# Concept Art Technic Dynamometric Tamper



## evoman (May 13, 2014)

Anyone tried one of these?

http://www.bellabarista.co.uk/concept-art-technic-dynamometric-tamper.html

The idea of having some calibrated control over tamping pressure is attractive...


----------



## coffeechap (Apr 5, 2012)

you would be better getting a better fitting tamper


----------



## CamV6 (Feb 7, 2012)

I had one. Pretty good and adjustable unlike the Espro one. The thread will just about accommodate a RB base

With hindsight however I'd say a quality tamper and a click mat would be better. There will come a time when you won't need calibrated help.
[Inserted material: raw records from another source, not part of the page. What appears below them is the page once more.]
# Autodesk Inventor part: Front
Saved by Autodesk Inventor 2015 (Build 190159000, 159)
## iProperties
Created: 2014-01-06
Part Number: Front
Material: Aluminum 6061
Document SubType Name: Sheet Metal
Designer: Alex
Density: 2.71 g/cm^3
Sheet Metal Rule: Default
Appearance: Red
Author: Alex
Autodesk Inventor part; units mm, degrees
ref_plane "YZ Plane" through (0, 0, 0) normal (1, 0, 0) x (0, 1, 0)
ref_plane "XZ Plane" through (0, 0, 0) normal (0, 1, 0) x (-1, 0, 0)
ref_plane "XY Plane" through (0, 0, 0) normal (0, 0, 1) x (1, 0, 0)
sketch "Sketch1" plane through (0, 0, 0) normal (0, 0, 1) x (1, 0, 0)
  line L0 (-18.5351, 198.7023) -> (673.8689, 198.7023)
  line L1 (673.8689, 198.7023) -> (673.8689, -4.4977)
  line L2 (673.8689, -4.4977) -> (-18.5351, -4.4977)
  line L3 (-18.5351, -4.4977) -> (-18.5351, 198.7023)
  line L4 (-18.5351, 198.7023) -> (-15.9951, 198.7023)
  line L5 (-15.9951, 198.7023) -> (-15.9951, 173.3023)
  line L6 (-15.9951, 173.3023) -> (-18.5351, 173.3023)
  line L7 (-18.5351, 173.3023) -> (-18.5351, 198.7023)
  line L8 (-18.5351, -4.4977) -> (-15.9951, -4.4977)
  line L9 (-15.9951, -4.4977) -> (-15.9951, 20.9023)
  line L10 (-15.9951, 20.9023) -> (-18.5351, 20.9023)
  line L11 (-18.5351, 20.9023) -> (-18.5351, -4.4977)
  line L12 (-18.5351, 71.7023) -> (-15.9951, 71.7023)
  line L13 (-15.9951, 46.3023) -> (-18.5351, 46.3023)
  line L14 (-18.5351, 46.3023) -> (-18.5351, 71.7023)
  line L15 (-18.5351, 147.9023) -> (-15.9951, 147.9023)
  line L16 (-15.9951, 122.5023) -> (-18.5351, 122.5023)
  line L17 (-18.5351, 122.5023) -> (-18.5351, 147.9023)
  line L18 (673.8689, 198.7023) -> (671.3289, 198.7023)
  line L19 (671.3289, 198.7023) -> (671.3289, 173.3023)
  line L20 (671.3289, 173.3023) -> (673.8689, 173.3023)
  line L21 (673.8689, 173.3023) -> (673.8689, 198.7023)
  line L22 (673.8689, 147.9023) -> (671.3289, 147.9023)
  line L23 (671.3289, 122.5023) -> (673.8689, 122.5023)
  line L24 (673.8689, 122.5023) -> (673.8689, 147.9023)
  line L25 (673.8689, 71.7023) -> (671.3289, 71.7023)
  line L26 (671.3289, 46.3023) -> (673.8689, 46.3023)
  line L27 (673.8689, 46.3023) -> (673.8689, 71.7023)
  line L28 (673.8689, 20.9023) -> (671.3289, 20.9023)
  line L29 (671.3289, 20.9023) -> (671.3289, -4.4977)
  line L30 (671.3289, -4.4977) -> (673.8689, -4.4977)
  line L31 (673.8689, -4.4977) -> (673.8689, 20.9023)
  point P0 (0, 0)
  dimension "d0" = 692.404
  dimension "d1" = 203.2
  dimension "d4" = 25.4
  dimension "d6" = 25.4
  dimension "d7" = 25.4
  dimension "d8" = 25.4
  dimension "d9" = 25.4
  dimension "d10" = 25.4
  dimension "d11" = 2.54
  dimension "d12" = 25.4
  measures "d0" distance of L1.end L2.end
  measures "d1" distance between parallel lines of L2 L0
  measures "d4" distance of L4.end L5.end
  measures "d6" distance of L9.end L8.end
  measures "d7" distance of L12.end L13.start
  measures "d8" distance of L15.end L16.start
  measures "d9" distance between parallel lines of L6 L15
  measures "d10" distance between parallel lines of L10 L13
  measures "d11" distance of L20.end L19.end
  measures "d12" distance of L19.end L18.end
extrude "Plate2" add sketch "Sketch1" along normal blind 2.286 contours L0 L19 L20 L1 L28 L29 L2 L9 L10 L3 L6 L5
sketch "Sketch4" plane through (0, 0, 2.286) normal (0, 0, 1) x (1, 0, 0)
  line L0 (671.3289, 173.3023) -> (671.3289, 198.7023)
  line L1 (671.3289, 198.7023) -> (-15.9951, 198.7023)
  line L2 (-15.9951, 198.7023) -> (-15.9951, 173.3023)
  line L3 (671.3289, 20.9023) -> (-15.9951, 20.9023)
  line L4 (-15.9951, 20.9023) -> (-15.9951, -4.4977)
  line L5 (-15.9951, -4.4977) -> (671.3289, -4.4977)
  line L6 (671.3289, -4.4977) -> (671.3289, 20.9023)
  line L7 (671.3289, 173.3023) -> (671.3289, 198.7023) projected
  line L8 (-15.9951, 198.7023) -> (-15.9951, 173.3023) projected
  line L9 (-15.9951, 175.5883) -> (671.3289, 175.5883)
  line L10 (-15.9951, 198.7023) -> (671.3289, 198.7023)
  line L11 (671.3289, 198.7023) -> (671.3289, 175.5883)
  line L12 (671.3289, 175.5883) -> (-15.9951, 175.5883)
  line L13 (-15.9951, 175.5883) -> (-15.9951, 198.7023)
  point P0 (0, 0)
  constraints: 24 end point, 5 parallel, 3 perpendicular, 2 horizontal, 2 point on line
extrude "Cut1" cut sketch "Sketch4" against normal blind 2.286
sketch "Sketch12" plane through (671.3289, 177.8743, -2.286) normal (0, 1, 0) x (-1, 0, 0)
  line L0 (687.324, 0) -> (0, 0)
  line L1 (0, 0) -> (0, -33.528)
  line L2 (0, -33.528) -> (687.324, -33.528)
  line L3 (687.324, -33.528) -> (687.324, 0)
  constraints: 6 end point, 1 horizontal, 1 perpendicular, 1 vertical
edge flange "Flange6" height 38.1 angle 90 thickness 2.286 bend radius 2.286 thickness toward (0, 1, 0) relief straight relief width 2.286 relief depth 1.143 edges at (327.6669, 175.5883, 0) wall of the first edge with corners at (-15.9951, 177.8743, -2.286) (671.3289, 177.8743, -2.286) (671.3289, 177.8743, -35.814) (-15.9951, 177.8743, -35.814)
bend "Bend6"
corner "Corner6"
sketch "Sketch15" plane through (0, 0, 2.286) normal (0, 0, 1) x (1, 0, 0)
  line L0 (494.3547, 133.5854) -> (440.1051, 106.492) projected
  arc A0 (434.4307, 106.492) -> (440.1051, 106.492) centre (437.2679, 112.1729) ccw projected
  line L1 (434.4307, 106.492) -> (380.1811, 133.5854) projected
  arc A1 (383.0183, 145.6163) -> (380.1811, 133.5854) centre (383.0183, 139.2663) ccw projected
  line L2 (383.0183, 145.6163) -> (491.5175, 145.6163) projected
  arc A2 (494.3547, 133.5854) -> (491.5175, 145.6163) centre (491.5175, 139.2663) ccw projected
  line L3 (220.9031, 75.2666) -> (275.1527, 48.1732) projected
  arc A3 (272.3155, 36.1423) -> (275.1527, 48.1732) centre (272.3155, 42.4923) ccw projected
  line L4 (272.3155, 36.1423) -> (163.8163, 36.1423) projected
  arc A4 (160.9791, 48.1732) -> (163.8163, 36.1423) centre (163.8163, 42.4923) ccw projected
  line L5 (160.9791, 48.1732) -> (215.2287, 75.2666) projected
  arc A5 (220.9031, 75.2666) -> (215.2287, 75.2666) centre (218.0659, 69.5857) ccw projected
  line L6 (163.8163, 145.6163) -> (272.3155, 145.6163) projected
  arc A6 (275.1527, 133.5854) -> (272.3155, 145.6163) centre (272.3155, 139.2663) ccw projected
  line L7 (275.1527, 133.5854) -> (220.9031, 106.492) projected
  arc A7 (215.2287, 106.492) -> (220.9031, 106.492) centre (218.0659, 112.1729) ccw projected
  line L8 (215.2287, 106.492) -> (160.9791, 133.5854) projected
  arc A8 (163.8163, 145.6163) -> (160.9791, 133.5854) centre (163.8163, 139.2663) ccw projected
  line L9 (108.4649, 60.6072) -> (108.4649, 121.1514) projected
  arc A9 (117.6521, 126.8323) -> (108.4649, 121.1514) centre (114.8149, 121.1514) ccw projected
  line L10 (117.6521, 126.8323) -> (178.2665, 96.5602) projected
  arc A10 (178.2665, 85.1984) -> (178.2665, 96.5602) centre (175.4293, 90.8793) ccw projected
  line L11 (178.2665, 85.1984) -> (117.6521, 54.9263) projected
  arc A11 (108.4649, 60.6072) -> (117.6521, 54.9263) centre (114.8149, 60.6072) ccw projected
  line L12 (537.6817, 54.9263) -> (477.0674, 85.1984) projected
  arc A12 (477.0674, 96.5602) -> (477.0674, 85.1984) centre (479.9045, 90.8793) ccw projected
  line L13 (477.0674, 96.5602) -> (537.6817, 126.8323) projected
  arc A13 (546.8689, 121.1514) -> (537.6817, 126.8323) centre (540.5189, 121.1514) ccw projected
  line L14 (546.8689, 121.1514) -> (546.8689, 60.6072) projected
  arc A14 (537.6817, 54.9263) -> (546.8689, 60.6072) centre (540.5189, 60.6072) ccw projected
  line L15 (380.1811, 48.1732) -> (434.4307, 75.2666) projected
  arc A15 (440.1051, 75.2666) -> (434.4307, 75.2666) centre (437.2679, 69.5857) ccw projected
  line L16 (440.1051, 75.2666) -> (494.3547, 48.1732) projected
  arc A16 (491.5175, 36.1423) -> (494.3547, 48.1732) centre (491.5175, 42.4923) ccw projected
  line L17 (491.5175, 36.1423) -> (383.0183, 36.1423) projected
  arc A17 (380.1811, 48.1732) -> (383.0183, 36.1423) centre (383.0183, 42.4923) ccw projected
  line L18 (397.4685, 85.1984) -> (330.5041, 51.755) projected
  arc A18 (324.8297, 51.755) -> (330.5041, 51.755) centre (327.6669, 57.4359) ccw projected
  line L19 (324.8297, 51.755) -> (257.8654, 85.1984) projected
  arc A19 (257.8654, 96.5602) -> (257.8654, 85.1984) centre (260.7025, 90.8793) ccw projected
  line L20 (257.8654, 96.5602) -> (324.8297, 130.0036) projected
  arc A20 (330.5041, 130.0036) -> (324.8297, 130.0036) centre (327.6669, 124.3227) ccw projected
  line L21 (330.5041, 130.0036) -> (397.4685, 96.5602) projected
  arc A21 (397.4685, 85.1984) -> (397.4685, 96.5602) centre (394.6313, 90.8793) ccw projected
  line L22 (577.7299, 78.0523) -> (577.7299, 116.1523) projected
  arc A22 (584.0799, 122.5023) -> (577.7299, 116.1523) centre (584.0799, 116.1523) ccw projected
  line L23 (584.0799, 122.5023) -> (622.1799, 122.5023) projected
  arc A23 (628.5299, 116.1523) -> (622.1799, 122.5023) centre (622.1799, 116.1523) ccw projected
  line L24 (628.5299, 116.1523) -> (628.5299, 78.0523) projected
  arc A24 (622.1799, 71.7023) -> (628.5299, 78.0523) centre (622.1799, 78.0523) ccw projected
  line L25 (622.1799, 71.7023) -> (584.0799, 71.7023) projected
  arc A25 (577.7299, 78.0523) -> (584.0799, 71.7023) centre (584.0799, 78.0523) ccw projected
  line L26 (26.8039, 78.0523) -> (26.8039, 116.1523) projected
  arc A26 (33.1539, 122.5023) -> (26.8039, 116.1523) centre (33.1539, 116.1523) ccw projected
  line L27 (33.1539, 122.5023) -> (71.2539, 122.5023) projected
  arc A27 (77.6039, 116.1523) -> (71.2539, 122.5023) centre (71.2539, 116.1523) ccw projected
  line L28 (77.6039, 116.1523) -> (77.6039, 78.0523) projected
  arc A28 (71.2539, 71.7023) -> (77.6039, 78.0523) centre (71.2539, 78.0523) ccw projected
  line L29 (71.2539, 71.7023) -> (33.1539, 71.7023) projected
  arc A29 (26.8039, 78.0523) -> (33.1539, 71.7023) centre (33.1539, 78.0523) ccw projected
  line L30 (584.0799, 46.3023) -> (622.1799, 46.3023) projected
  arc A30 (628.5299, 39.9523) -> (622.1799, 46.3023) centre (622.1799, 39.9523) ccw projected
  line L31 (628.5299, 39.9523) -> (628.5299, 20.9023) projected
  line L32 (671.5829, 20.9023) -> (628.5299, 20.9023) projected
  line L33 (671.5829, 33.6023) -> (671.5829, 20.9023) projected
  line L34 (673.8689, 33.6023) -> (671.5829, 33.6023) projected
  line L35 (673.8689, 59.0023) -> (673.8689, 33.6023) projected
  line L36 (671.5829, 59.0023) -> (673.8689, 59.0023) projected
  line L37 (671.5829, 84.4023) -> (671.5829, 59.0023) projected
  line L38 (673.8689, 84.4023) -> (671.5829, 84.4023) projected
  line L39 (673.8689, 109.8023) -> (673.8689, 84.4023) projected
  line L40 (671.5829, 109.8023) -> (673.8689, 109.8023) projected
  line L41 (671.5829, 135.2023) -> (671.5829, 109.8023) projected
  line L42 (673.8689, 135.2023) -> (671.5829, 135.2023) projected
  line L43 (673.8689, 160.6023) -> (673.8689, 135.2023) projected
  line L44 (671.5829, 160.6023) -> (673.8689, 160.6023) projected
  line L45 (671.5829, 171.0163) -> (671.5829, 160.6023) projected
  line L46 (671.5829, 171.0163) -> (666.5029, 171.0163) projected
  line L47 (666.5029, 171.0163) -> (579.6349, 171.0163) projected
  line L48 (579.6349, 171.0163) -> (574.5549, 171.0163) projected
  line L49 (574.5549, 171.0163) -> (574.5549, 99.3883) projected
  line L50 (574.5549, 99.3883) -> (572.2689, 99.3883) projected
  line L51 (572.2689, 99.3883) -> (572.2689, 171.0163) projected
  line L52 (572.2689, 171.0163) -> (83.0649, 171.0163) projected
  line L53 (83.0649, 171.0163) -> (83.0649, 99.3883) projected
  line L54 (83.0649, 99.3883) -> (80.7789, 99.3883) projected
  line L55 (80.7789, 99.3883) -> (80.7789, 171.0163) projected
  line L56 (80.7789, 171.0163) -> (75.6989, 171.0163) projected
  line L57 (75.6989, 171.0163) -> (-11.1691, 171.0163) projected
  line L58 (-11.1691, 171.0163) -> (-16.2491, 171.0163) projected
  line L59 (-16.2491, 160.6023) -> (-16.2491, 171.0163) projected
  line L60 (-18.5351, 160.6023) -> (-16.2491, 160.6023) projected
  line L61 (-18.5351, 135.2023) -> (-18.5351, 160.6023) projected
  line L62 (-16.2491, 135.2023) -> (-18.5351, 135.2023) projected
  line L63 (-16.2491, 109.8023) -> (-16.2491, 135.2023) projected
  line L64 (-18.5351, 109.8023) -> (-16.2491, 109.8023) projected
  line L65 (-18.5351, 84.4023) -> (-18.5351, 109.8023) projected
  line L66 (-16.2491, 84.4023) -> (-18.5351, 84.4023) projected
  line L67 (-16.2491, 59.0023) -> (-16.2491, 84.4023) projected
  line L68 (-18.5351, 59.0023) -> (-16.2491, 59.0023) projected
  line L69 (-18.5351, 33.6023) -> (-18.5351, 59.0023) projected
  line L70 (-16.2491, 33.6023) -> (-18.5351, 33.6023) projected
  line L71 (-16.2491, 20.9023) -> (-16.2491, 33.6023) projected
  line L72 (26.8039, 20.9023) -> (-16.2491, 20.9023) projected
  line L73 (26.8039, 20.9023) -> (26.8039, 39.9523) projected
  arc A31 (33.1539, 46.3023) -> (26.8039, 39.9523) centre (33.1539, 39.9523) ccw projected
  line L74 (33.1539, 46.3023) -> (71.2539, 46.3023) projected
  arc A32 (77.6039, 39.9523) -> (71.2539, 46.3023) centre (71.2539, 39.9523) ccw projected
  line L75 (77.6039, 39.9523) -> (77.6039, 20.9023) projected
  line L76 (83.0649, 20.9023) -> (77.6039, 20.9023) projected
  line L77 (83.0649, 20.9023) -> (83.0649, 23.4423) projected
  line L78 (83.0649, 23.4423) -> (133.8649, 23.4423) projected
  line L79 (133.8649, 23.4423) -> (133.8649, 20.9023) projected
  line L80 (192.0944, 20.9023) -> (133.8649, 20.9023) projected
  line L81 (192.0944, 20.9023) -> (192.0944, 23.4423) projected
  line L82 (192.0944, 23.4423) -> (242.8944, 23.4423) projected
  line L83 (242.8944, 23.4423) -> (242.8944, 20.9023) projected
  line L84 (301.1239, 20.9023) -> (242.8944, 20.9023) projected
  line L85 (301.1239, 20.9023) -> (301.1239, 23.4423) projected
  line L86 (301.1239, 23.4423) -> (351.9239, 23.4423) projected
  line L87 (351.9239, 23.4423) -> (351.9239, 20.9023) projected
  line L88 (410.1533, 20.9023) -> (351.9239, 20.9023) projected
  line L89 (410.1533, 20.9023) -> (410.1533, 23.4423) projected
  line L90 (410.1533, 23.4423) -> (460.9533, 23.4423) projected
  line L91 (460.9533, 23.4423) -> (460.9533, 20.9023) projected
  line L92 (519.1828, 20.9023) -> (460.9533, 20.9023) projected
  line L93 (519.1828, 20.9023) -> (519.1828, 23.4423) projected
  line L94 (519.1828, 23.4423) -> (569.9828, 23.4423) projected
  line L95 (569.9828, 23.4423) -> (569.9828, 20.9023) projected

If yiu buy this you'll then need to buy a new tamper, whereas with a good tamper and a click mat you can keep the tamper you are used to and sell on the much wanted click mat far more easily


----------



## johnealey (May 19, 2014)

or a click mat? (then allows different tampers inc better fitting ones)

John


----------



## evoman (May 13, 2014)

coffeechap said:


> you would be better getting a better fitting tamper


Better than a 58.5mm? I assumed this would be a pretty tight fit (if you mean fit of the tamper to the basket). I don't actually like the handles on these - I like something more ergonomic and preferably wood, but the pressure control looks interesting.


----------



## evoman (May 13, 2014)

Thanks for the suggestion of a click mat - I just looked into the option and might try one. That does seem like a better solution since I would like to keep the issue of a tamper separate.


----------